Systemic lupus erythematosus (SLE) is a common autoimmune disease marked by the formation of apoptotic debris and the presence of autoantibodies that target nuclear components. At this moment, the ...actual cause of SLE is uncertain. Genetic variables have been well proven to have a significant role in the propensity of SLE. This study aimed to investigate the effect of (ZNF76) rs (10947540) and (SCUBE) rs (1888822) gene polymorphism in patients with systemic lupus erythematosus.
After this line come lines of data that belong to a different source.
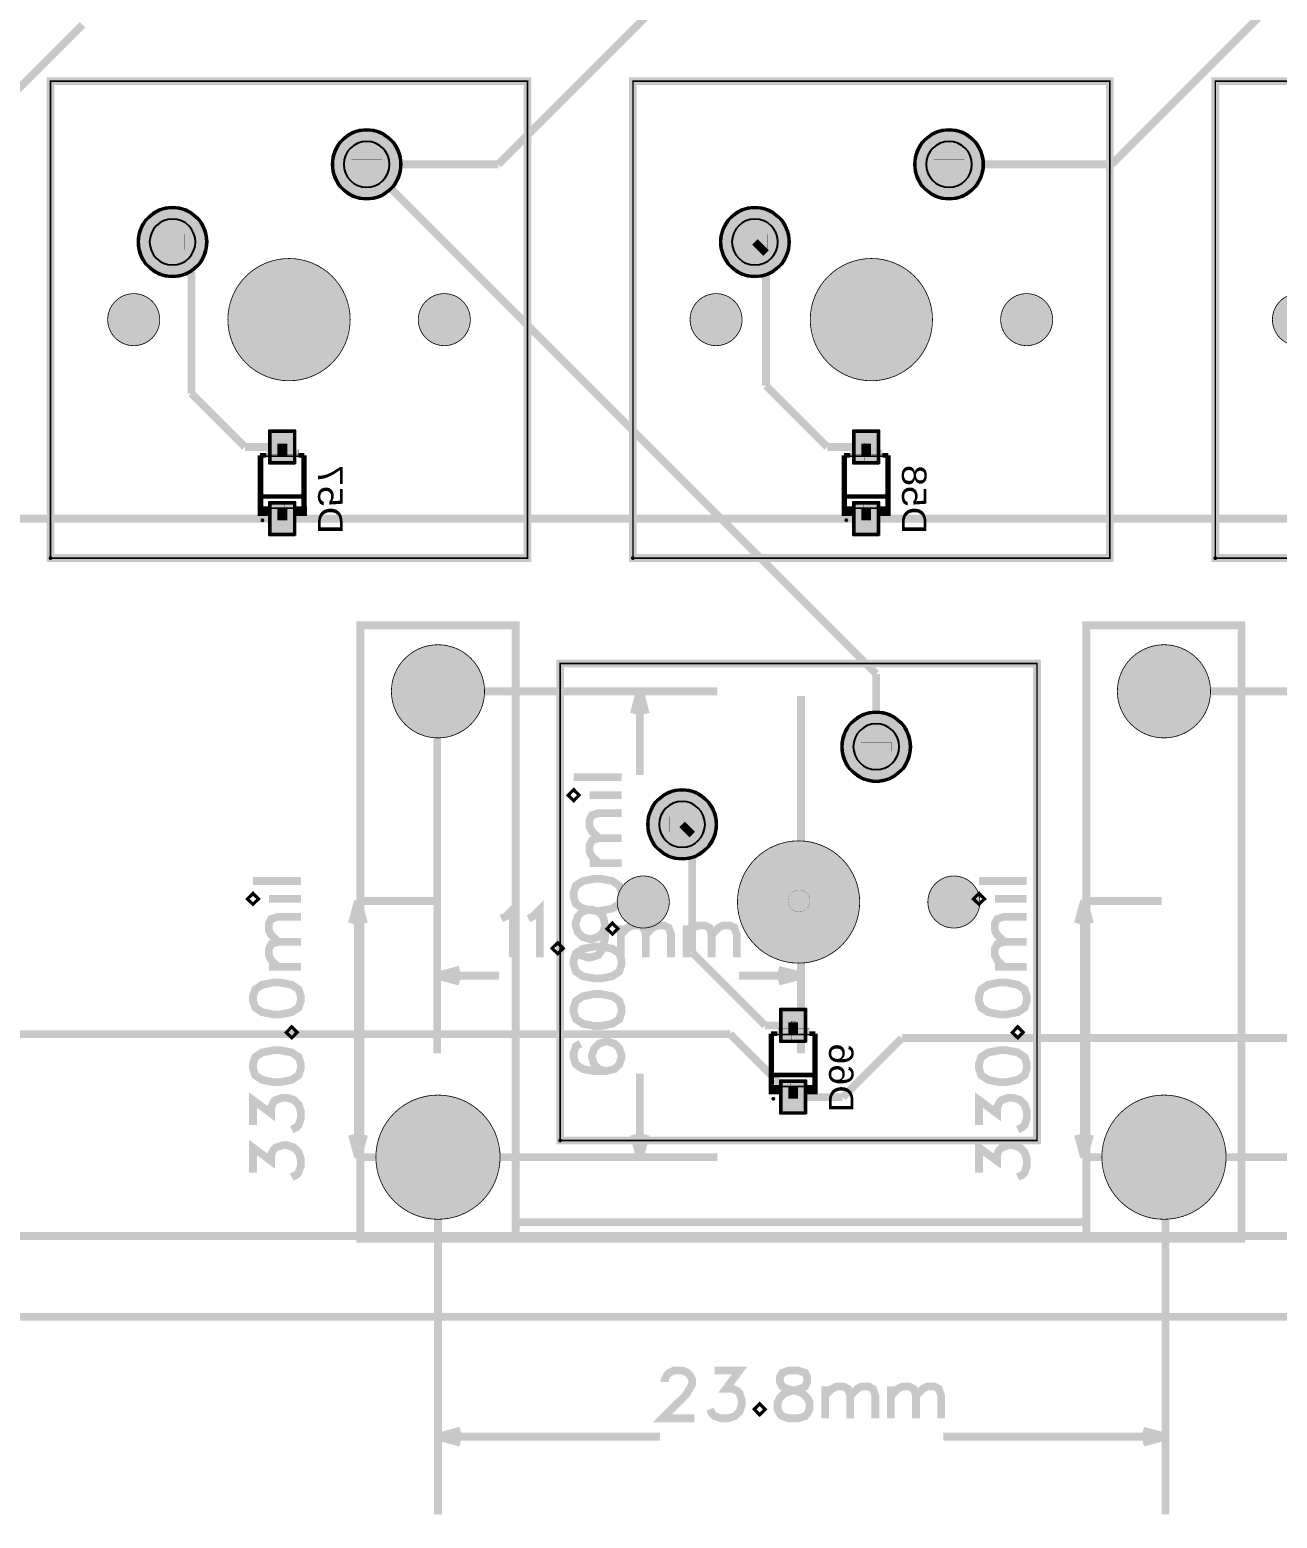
# Model space of a CAD drawing. Header units: millimetres. Extents: x 0 to 199, y -7 to 103.
# Drawn here: x 28.87 to 69.68, y -6.57 to 42.13 of the extents above; entities that cross this region are included whole.
import ezdxf
from ezdxf.enums import TextEntityAlignment as Align

# ---------------------------------------------------------------- set-up
doc = ezdxf.new("R2010")
doc.units = ezdxf.units.MM
doc.header["$MEASUREMENT"] = 0
for name, color, linetype, true_color in [('Board-Outline-Layer', 7, 'Continuous', 0xff00ff), ('Bottom-Layer', 7, 'Continuous', 0x0000ff), ('Bottom-Paste-Mask-Layer', 7, 'Continuous', 0x800000), ('Bottom-Silkscreen-Layer', 7, 'Continuous', 0x66cc33), ('Bottom-Solder-Mask-Layer', 7, 'Continuous', 0xaa00ff), ('Component-Marking-Layer', 7, 'Continuous', 0x66ffcc), ('Component-Shape-Layer', 7, 'Continuous', 0x00cccc), ('Document-Layer', 7, 'Continuous', 0xffffff), ('Hole-Layer', 7, 'Continuous', 0x222222), ('Mechanical-Layer', 7, 'Continuous', 0xf022f0), ('Multi-Layer', 7, 'Continuous', 0xc0c0c0), ('Pin-Floating-Layer', 7, 'Continuous', 0xff99ff), ('Pin-Soldering-Layer', 7, 'Continuous', 0xcc9999), ('Top-Layer', 7, 'Continuous', 0xff0000), ('Top-Paste-Mask-Layer', 7, 'Continuous', 0x808080), ('Top-Silkscreen-Layer', 7, 'Continuous', 0xffcc00), ('Top-Solder-Mask-Layer', 7, 'Continuous', 0x800080)]:
    doc.layers.add(name, color=color, linetype=linetype, true_color=true_color)
doc.styles.get("Standard").update_dxf_attribs({"font": 'arial.ttf'})

msp = doc.modelspace()

# ---------------------------------------------------------------- hatches: boundary and pattern name
at = {"layer": 'Bottom-Layer'}
for points in [[(38.795, 37.724, 1), (40.995, 37.724, 1)], [(57.846, 37.724, 1), (60.046, 37.724, 1)], [(32.445, 35.184, 1), (34.645, 35.184, 1)], [(51.496, 35.184, 1), (53.696, 35.184, 1)], [(37.51, 27.978), (36.76, 27.978), (36.76, 28.978), (37.51, 28.978)], [(56.611, 27.978), (55.861, 27.978), (55.861, 28.978), (56.611, 28.978)], [(37.51, 25.632), (36.76, 25.632), (36.76, 26.632), (37.51, 26.632)], [(56.611, 25.632), (55.861, 25.632), (55.861, 26.632), (56.611, 26.632)], [(55.464, 18.673, 1), (57.664, 18.673, 1)], [(49.114, 16.133, 1), (51.314, 16.133, 1)], [(54.223, 9.055), (53.473, 9.055), (53.473, 10.055), (54.223, 10.055)], [(54.223, 6.709), (53.473, 6.709), (53.473, 7.709), (54.223, 7.709)]]:
    msp.add_hatch(color=256, dxfattribs=at).paths.add_polyline_path(points)
at = {"layer": 'Bottom-Paste-Mask-Layer'}
for points in [[(38.795, 37.724, 1), (40.995, 37.724, 1)], [(57.846, 37.724, 1), (60.046, 37.724, 1)], [(32.445, 35.184, 1), (34.645, 35.184, 1)], [(51.496, 35.184, 1), (53.696, 35.184, 1)], [(37.51, 27.978), (36.76, 27.978), (36.76, 28.978), (37.51, 28.978)], [(56.611, 27.978), (55.861, 27.978), (55.861, 28.978), (56.611, 28.978)], [(37.51, 25.632), (36.76, 25.632), (36.76, 26.632), (37.51, 26.632)], [(56.611, 25.632), (55.861, 25.632), (55.861, 26.632), (56.611, 26.632)], [(55.464, 18.673, 1), (57.664, 18.673, 1)], [(49.114, 16.133, 1), (51.314, 16.133, 1)], [(54.223, 9.055), (53.473, 9.055), (53.473, 10.055), (54.223, 10.055)], [(54.223, 6.709), (53.473, 6.709), (53.473, 7.709), (54.223, 7.709)]]:
    msp.add_hatch(color=256, dxfattribs=at).paths.add_polyline_path(points)
at = {"layer": 'Bottom-Silkscreen-Layer'}
for points in [[(36.332, 26.53), (36.685, 26.53), (36.685, 26.225), (36.332, 26.225)], [(36.332, 26.53), (36.685, 26.53), (36.685, 26.225), (36.332, 26.225)], [(37.937, 26.53), (37.937, 26.225), (37.585, 26.225), (37.585, 26.53)], [(37.937, 26.53), (37.937, 26.225), (37.585, 26.225), (37.585, 26.53)], [(55.433, 26.53), (55.786, 26.53), (55.786, 26.225), (55.433, 26.225)], [(55.433, 26.53), (55.786, 26.53), (55.786, 26.225), (55.433, 26.225)], [(57.038, 26.53), (57.038, 26.225), (56.686, 26.225), (56.686, 26.53)], [(57.038, 26.53), (57.038, 26.225), (56.686, 26.225), (56.686, 26.53)], [(53.046, 7.607), (53.398, 7.607), (53.398, 7.302), (53.046, 7.302)], [(53.046, 7.607), (53.398, 7.607), (53.398, 7.302), (53.046, 7.302)], [(54.651, 7.607), (54.651, 7.302), (54.298, 7.302), (54.298, 7.607)], [(54.651, 7.607), (54.651, 7.302), (54.298, 7.302), (54.298, 7.607)]]:
    msp.add_hatch(color=256, dxfattribs=at).paths.add_polyline_path(points)
at = {"layer": 'Bottom-Solder-Mask-Layer'}
for points in [[(38.745, 37.724, 1), (41.045, 37.724, 1)], [(57.796, 37.724, 1), (60.096, 37.724, 1)], [(32.395, 35.184, 1), (34.695, 35.184, 1)], [(51.446, 35.184, 1), (53.746, 35.184, 1)], [(37.561, 27.927), (36.709, 27.927), (36.709, 29.028), (37.561, 29.028)], [(56.662, 27.927), (55.81, 27.927), (55.81, 29.028), (56.662, 29.028)], [(37.561, 25.582), (36.709, 25.582), (36.709, 26.683), (37.561, 26.683)], [(56.662, 25.582), (55.81, 25.582), (55.81, 26.683), (56.662, 26.683)], [(55.414, 18.673, 1), (57.714, 18.673, 1)], [(49.064, 16.133, 1), (51.364, 16.133, 1)], [(54.274, 9.004), (53.422, 9.004), (53.422, 10.105), (54.274, 10.105)], [(54.274, 6.659), (53.422, 6.659), (53.422, 7.76), (54.274, 7.76)]]:
    msp.add_hatch(color=256, dxfattribs=at).paths.add_polyline_path(points)
at = {"layer": 'Component-Marking-Layer'}
for points in [[(36.425, 26.08, 1), (36.545, 26.08, 1)], [(36.425, 26.08, 1), (36.545, 26.08, 1)], [(55.526, 26.08, 1), (55.646, 26.08, 1)], [(55.526, 26.08, 1), (55.646, 26.08, 1)], [(29.495, 24.844, 1), (29.615, 24.844, 1)], [(29.495, 24.844, 1), (29.615, 24.844, 1)], [(48.545, 24.844, 1), (48.665, 24.844, 1)], [(48.545, 24.844, 1), (48.665, 24.844, 1)], [(67.596, 24.844, 1), (67.716, 24.844, 1)], [(67.596, 24.844, 1), (67.716, 24.844, 1)], [(53.138, 7.157, 1), (53.258, 7.157, 1)], [(53.138, 7.157, 1), (53.258, 7.157, 1)], [(46.164, 5.793, 1), (46.284, 5.793, 1)], [(46.164, 5.793, 1), (46.284, 5.793, 1)]]:
    msp.add_hatch(color=256, dxfattribs=at).paths.add_polyline_path(points)
at = {"layer": 'Document-Layer'}
for points in [[(37.665, 28.388), (37.665, 28.232), (36.625, 28.232), (36.625, 28.388)], [(37.665, 28.388), (37.665, 28.232), (36.625, 28.232), (36.625, 28.388)], [(37.225, 28.62), (37.225, 27.996), (37.069, 27.996), (37.069, 28.62)], [(37.225, 28.62), (37.225, 27.996), (37.069, 27.996), (37.069, 28.62)], [(56.766, 28.388), (56.766, 28.232), (55.726, 28.232), (55.726, 28.388)], [(56.766, 28.388), (56.766, 28.232), (55.726, 28.232), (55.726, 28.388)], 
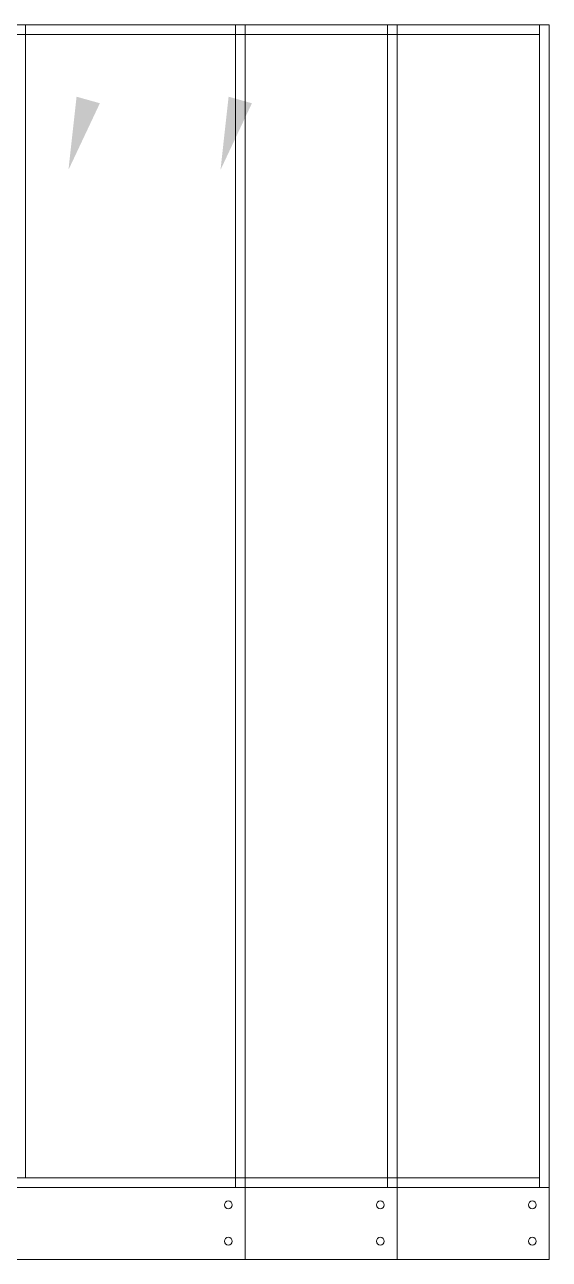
# Model space of a CAD drawing. Header units: millimetres. Extents: x -663796 to 30612, y -141670 to 21821.
# Drawn here: x -656951 to -655869, y -141668 to -139120 of the extents above; entities that cross this region are included whole.
import ezdxf

# ---------------------------------------------------------------- set-up
doc = ezdxf.new("R2010")
doc.units = ezdxf.units.MM
doc.layers.add('냉각탑_dim', color=1, linetype='Continuous')

# ---------------------------------------------------------------- blocks, each defined once
blk = doc.blocks.new('1')
at = {"lineweight": 20}
for p, q in [((16298.2, 11009), (17398.2, 11009)), ((17378.2, 8609), (17378.2, 11009)), ((17398.2, 8609), (17398.2, 11009)), ((16318.2, 10989), (17378.2, 10989)), ((16298.2, 8629), (17378.2, 8629)), ((16298.2, 8609), (17398.2, 8609))]:
    blk.add_line(p, q, dxfattribs=at)
at = {"color": 7, "lineweight": 20}
blk.add_line((16318.2, 8629), (16318.2, 11009), dxfattribs=at)
at = {"color": 0, "lineweight": 20}
for q in [(17398.2, 8609), (10098.2, 8460.6)]:
    blk.add_line((17398.2, 8460.6), q, dxfattribs=at)
at = {"lineweight": 20}
for centre in [(17363.2, 8573.1), (17363.2, 8498.1)]:
    blk.add_circle(centre, 8, dxfattribs=at)
at = {"layer": '냉각탑_dim', "lineweight": -3}
blk.add_solid([(16784.9, 10846.9), (16720.1, 10709.3), (16736.8, 10860.4)], dxfattribs=at)

msp = doc.modelspace()

# ---------------------------------------------------------------- block references
at = {"lineweight": 5}
for p in [(-673894.7, -150129), (-673581.2, -150129), (-673267.6, -150129)]:
    msp.add_blockref('1', p, dxfattribs=at)

doc.saveas('drawing.dxf')

A case control study has been carried out at Medical Biochemistry & Molecular biology and Rheumatology unit of Internal Medicine Departments, Faculty of Medicine, Menoufia University, Egypt, for 1-year duration between 1 June 2022 and 1 June 2023. Sixty patients were females (75%) and twenty patients were males (25%). Their ages ranged from 19 to 53 years. Their disease durations ranged from 7 months to 20 years. The findings indicated that the TC genotype of the ZNF76 rs10947540 gene increases the risk of SLE by 2.274-fold, while the dominant TC + CC increases the risk by 2.472-fold, and the C allele increases the risk by 2.115-fold. Additionally, the results showed that the TT genotype of the SCUBE3 rs1888822 gene increases the risk of SLE by 3.702-fold, the dominant GT + TT increases the risk by 2.304-fold, and the T allele increases the risk by 2.089-fold, while the GT genotype increases the risk by 1.918-fold. The study revealed significant associations between the genotypes of these polymorphisms and certain clinical parameters in SLE patients. These findings highlight the potential genetic contributions to SLE susceptibility and its clinical manifestations, providing valuable insights for future research and potential personalized approaches to the management of this complex autoimmune disease.